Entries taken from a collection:
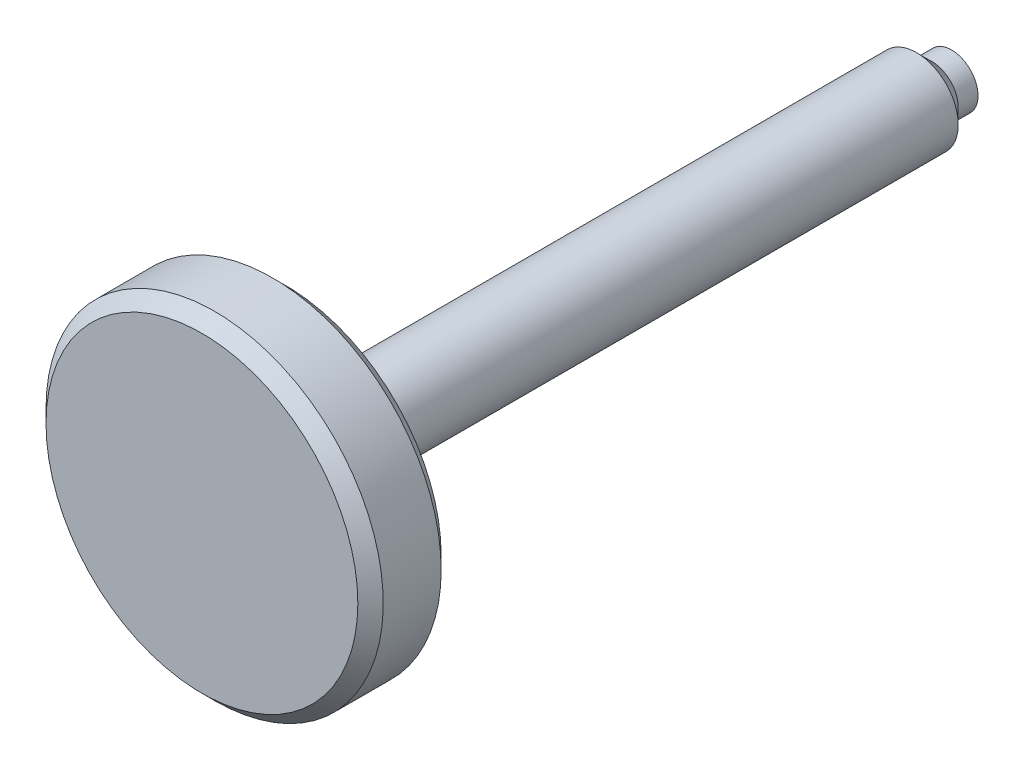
ISO-10303-21;
HEADER;
FILE_DESCRIPTION(('STEP AP214'),'2;1');
FILE_NAME('part.step','',(''),(''),'','','');
FILE_SCHEMA(('AUTOMOTIVE_DESIGN { 1 0 10303 214 1 1 1 1 }'));
ENDSEC;
DATA;
#1=APPLICATION_CONTEXT('core data for automotive mechanical design processes');
#2=APPLICATION_PROTOCOL_DEFINITION('international standard','automotive_design',2000,#1);
#3=PRODUCT_CONTEXT('',#1,'mechanical');
#4=PRODUCT('Part','Part','',(#3));
#5=PRODUCT_RELATED_PRODUCT_CATEGORY('part','',(#4));
#6=PRODUCT_DEFINITION_FORMATION('','',#4);
#7=PRODUCT_DEFINITION_CONTEXT('part definition',#1,'design');
#8=PRODUCT_DEFINITION('design','',#6,#7);
#9=PRODUCT_DEFINITION_SHAPE('','',#8);
#10=(LENGTH_UNIT() NAMED_UNIT(*) SI_UNIT(.MILLI.,.METRE.));
#11=(NAMED_UNIT(*) PLANE_ANGLE_UNIT() SI_UNIT($,.RADIAN.));
#12=(NAMED_UNIT(*) SI_UNIT($,.STERADIAN.) SOLID_ANGLE_UNIT());
#13=UNCERTAINTY_MEASURE_WITH_UNIT(LENGTH_MEASURE(1.E-05),#10,'distance_accuracy_value','');
#14=(GEOMETRIC_REPRESENTATION_CONTEXT(3) GLOBAL_UNCERTAINTY_ASSIGNED_CONTEXT((#13)) GLOBAL_UNIT_ASSIGNED_CONTEXT((#10,
#11,#12)) REPRESENTATION_CONTEXT('',''));
#15=CARTESIAN_POINT('',(0.,0.,0.));
#16=DIRECTION('',(0.,0.,1.));
#17=DIRECTION('',(1.,0.,0.));
#18=AXIS2_PLACEMENT_3D('',#15,#16,#17);
#19=CARTESIAN_POINT('',(9.4722188,-9.4722188,0.));
#20=DIRECTION('',(0.,0.,1.));
#21=DIRECTION('',(1.,0.,0.));
#22=AXIS2_PLACEMENT_3D('',#19,#20,#21);
#23=PLANE('',#22);
#24=CARTESIAN_POINT('',(0.,0.,0.));
#25=DIRECTION('',(0.,0.,1.));
#26=DIRECTION('',(1.,0.,0.));
#27=AXIS2_PLACEMENT_3D('',#24,#25,#26);
#28=CIRCLE('',#27,9.3599);
#29=CARTESIAN_POINT('',(9.3599,0.,0.));
#30=VERTEX_POINT('',#29);
#31=EDGE_CURVE('E35',#30,#30,#28,.T.);
#32=ORIENTED_EDGE('',*,*,#31,.F.);
#33=EDGE_LOOP('',(#32));
#34=FACE_BOUND('',#33,.T.);
#35=CARTESIAN_POINT('',(0.,0.,0.));
#36=DIRECTION('',(0.,0.,-1.));
#37=DIRECTION('',(-1.,0.,0.));
#38=AXIS2_PLACEMENT_3D('',#35,#36,#37);
#39=CIRCLE('',#38,2.5);
#40=CARTESIAN_POINT('',(-2.5,0.,0.));
#41=VERTEX_POINT('',#40);
#42=EDGE_CURVE('E43',#41,#41,#39,.T.);
#43=ORIENTED_EDGE('',*,*,#42,.F.);
#44=EDGE_LOOP('',(#43));
#45=FACE_BOUND('',#44,.T.);
#46=ADVANCED_FACE('F12',(#34,#45),#23,.F.);
#47=CARTESIAN_POINT('',(0.,0.,0.762));
#48=DIRECTION('',(0.,0.,1.));
#49=DIRECTION('',(1.,0.,0.));
#50=AXIS2_PLACEMENT_3D('',#47,#48,#49);
#51=CONICAL_SURFACE('',#50,10.1219,0.785398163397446);
#52=ORIENTED_EDGE('',*,*,#31,.T.);
#53=EDGE_LOOP('',(#52));
#54=FACE_BOUND('',#53,.T.);
#55=CARTESIAN_POINT('',(0.,0.,0.762));
#56=DIRECTION('',(0.,0.,-1.));
#57=DIRECTION('',(-1.,0.,0.));
#58=AXIS2_PLACEMENT_3D('',#55,#56,#57);
#59=CIRCLE('',#58,10.1219);
#60=CARTESIAN_POINT('',(-10.1219,0.,0.762));
#61=VERTEX_POINT('',#60);
#62=EDGE_CURVE('E25',#61,#61,#59,.F.);
#63=ORIENTED_EDGE('',*,*,#62,.F.);
#64=EDGE_LOOP('',(#63));
#65=FACE_BOUND('',#64,.T.);
#66=ADVANCED_FACE('F55',(#54,#65),#51,.T.);
#67=CARTESIAN_POINT('',(9.4722188,9.4722188,5.00126));
#68=DIRECTION('',(0.,0.,-1.));
#69=DIRECTION('',(-1.,0.,0.));
#70=AXIS2_PLACEMENT_3D('',#67,#68,#69);
#71=PLANE('',#70);
#72=CARTESIAN_POINT('',(0.,0.,5.00126));
#73=DIRECTION('',(0.,0.,-1.));
#74=DIRECTION('',(-1.,0.,0.));
#75=AXIS2_PLACEMENT_3D('',#72,#73,#74);
#76=CIRCLE('',#75,9.3599);
#77=CARTESIAN_POINT('',(-9.3599,0.,5.00126));
#78=VERTEX_POINT('',#77);
#79=EDGE_CURVE('E20',#78,#78,#76,.T.);
#80=ORIENTED_EDGE('',*,*,#79,.F.);
#81=EDGE_LOOP('',(#80));
#82=FACE_BOUND('',#81,.T.);
#83=ADVANCED_FACE('F57',(#82),#71,.F.);
#84=CARTESIAN_POINT('',(0.,0.,0.762));
#85=DIRECTION('',(0.,0.,-1.));
#86=DIRECTION('',(-1.,0.,0.));
#87=AXIS2_PLACEMENT_3D('',#84,#85,#86);
#88=CYLINDRICAL_SURFACE('',#87,10.1219);
#89=CARTESIAN_POINT('',(0.,0.,4.23926000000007));
#90=DIRECTION('',(0.,0.,-1.));
#91=DIRECTION('',(0.,-1.,0.));
#92=AXIS2_PLACEMENT_3D('',#89,#90,#91);
#93=CIRCLE('',#92,10.1219);
#94=CARTESIAN_POINT('',(0.,-10.1219,4.23926));
#95=VERTEX_POINT('',#94);
#96=EDGE_CURVE('E8',#95,#95,#93,.F.);
#97=ORIENTED_EDGE('',*,*,#96,.F.);
#98=EDGE_LOOP('',(#97));
#99=FACE_BOUND('',#98,.T.);
#100=ORIENTED_EDGE('',*,*,#62,.T.);
#101=EDGE_LOOP('',(#100));
#102=FACE_BOUND('',#101,.T.);
#103=ADVANCED_FACE('F53',(#99,#102),#88,.T.);
#104=CARTESIAN_POINT('',(0.,0.,4.23926));
#105=DIRECTION('',(0.,0.,-1.));
#106=DIRECTION('',(-1.,0.,0.));
#107=AXIS2_PLACEMENT_3D('',#104,#105,#106);
#108=CONICAL_SURFACE('',#107,10.1219,0.785398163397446);
#109=ORIENTED_EDGE('',*,*,#79,.T.);
#110=EDGE_LOOP('',(#109));
#111=FACE_BOUND('',#110,.T.);
#112=ORIENTED_EDGE('',*,*,#96,.T.);
#113=EDGE_LOOP('',(#112));
#114=FACE_BOUND('',#113,.T.);
#115=ADVANCED_FACE('F14',(#111,#114),#108,.T.);
#116=CARTESIAN_POINT('',(0.,0.,-39.99992));
#117=DIRECTION('',(0.,0.,1.));
#118=DIRECTION('',(1.,0.,0.));
#119=AXIS2_PLACEMENT_3D('',#116,#117,#118);
#120=CYLINDRICAL_SURFACE('',#119,2.5);
#121=CARTESIAN_POINT('',(0.,0.,-37.89616));
#122=DIRECTION('',(0.,0.,1.));
#123=DIRECTION('',(1.,0.,0.));
#124=AXIS2_PLACEMENT_3D('',#121,#122,#123);
#125=CIRCLE('',#124,2.5);
#126=CARTESIAN_POINT('',(2.5,0.,-37.89616));
#127=VERTEX_POINT('',#126);
#128=EDGE_CURVE('E16',#127,#127,#125,.T.);
#129=ORIENTED_EDGE('',*,*,#128,.T.);
#130=EDGE_LOOP('',(#129));
#131=FACE_BOUND('',#130,.T.);
#132=ORIENTED_EDGE('',*,*,#42,.T.);
#133=EDGE_LOOP('',(#132));
#134=FACE_BOUND('',#133,.T.);
#135=ADVANCED_FACE('F69',(#131,#134),#120,.T.);
#136=CARTESIAN_POINT('',(1.60655,-1.60655,-39.99992));
#137=DIRECTION('',(0.,0.,1.));
#138=DIRECTION('',(1.,0.,0.));
#139=AXIS2_PLACEMENT_3D('',#136,#137,#138);
#140=PLANE('',#139);
#141=CARTESIAN_POINT('',(0.,0.,-39.99992));
#142=DIRECTION('',(0.,0.,-1.));
#143=DIRECTION('',(-1.,0.,0.));
#144=AXIS2_PLACEMENT_3D('',#141,#142,#143);
#145=CIRCLE('',#144,1.5875);
#146=CARTESIAN_POINT('',(-1.5875,0.,-39.99992));
#147=VERTEX_POINT('',#146);
#148=EDGE_CURVE('E36',#147,#147,#145,.F.);
#149=ORIENTED_EDGE('',*,*,#148,.F.);
#150=EDGE_LOOP('',(#149));
#151=FACE_BOUND('',#150,.T.);
#152=ADVANCED_FACE('F76',(#151),#140,.F.);
#153=CARTESIAN_POINT('',(0.,0.,-39.99992));
#154=DIRECTION('',(0.,0.,-1.));
#155=DIRECTION('',(-1.,0.,0.));
#156=AXIS2_PLACEMENT_3D('',#153,#154,#155);
#157=CYLINDRICAL_SURFACE('',#156,1.5875);
#158=ORIENTED_EDGE('',*,*,#148,.T.);
#159=EDGE_LOOP('',(#158));
#160=FACE_BOUND('',#159,.T.);
#161=CARTESIAN_POINT('',(0.,0.,-38.80866));
#162=DIRECTION('',(0.,0.,1.));
#163=DIRECTION('',(1.,0.,0.));
#164=AXIS2_PLACEMENT_3D('',#161,#162,#163);
#165=CIRCLE('',#164,1.5875);
#166=CARTESIAN_POINT('',(1.5875,0.,-38.8086600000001));
#167=VERTEX_POINT('',#166);
#168=EDGE_CURVE('E33',#167,#167,#165,.T.);
#169=ORIENTED_EDGE('',*,*,#168,.F.);
#170=EDGE_LOOP('',(#169));
#171=FACE_BOUND('',#170,.T.);
#172=ADVANCED_FACE('F120',(#160,#171),#157,.T.);
#173=CARTESIAN_POINT('',(0.,0.,-37.89553));
#174=DIRECTION('',(0.,0.,1.));
#175=DIRECTION('',(1.,0.,0.));
#176=AXIS2_PLACEMENT_3D('',#173,#174,#175);
#177=CONICAL_SURFACE('',#176,2.50063,0.785398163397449);
#178=ORIENTED_EDGE('',*,*,#128,.F.);
#179=EDGE_LOOP('',(#178));
#180=FACE_BOUND('',#179,.T.);
#181=ORIENTED_EDGE('',*,*,#168,.T.);
#182=EDGE_LOOP('',(#181));
#183=FACE_BOUND('',#182,.T.);
#184=ADVANCED_FACE('F125',(#180,#183),#177,.T.);
#185=CLOSED_SHELL('',(#46,#66,#83,#103,#115,#135,#152,#172,#184));
#186=MANIFOLD_SOLID_BREP('B1',#185);
#187=ADVANCED_BREP_SHAPE_REPRESENTATION('',(#18,#186),#14);
#188=SHAPE_DEFINITION_REPRESENTATION(#9,#187);
ENDSEC;
END-ISO-10303-21;

Task description: Copy word for word the stretch of entries above from the line that has "#152=ADVANCED_FACE('F76',(#151),#140,.F.);" through the line that has "#166=CARTESIAN_POINT('',(1.5875,0.,-38.8086600000001));", both ends included, and nothing outside it.

Answer area:
#152=ADVANCED_FACE('F76',(#151),#140,.F.);
#153=CARTESIAN_POINT('',(0.,0.,-39.99992));
#154=DIRECTION('',(0.,0.,-1.));
#155=DIRECTION('',(-1.,0.,0.));
#156=AXIS2_PLACEMENT_3D('',#153,#154,#155);
#157=CYLINDRICAL_SURFACE('',#156,1.5875);
#158=ORIENTED_EDGE('',*,*,#148,.T.);
#159=EDGE_LOOP('',(#158));
#160=FACE_BOUND('',#159,.T.);
#161=CARTESIAN_POINT('',(0.,0.,-38.80866));
#162=DIRECTION('',(0.,0.,1.));
#163=DIRECTION('',(1.,0.,0.));
#164=AXIS2_PLACEMENT_3D('',#161,#162,#163);
#165=CIRCLE('',#164,1.5875);
#166=CARTESIAN_POINT('',(1.5875,0.,-38.8086600000001));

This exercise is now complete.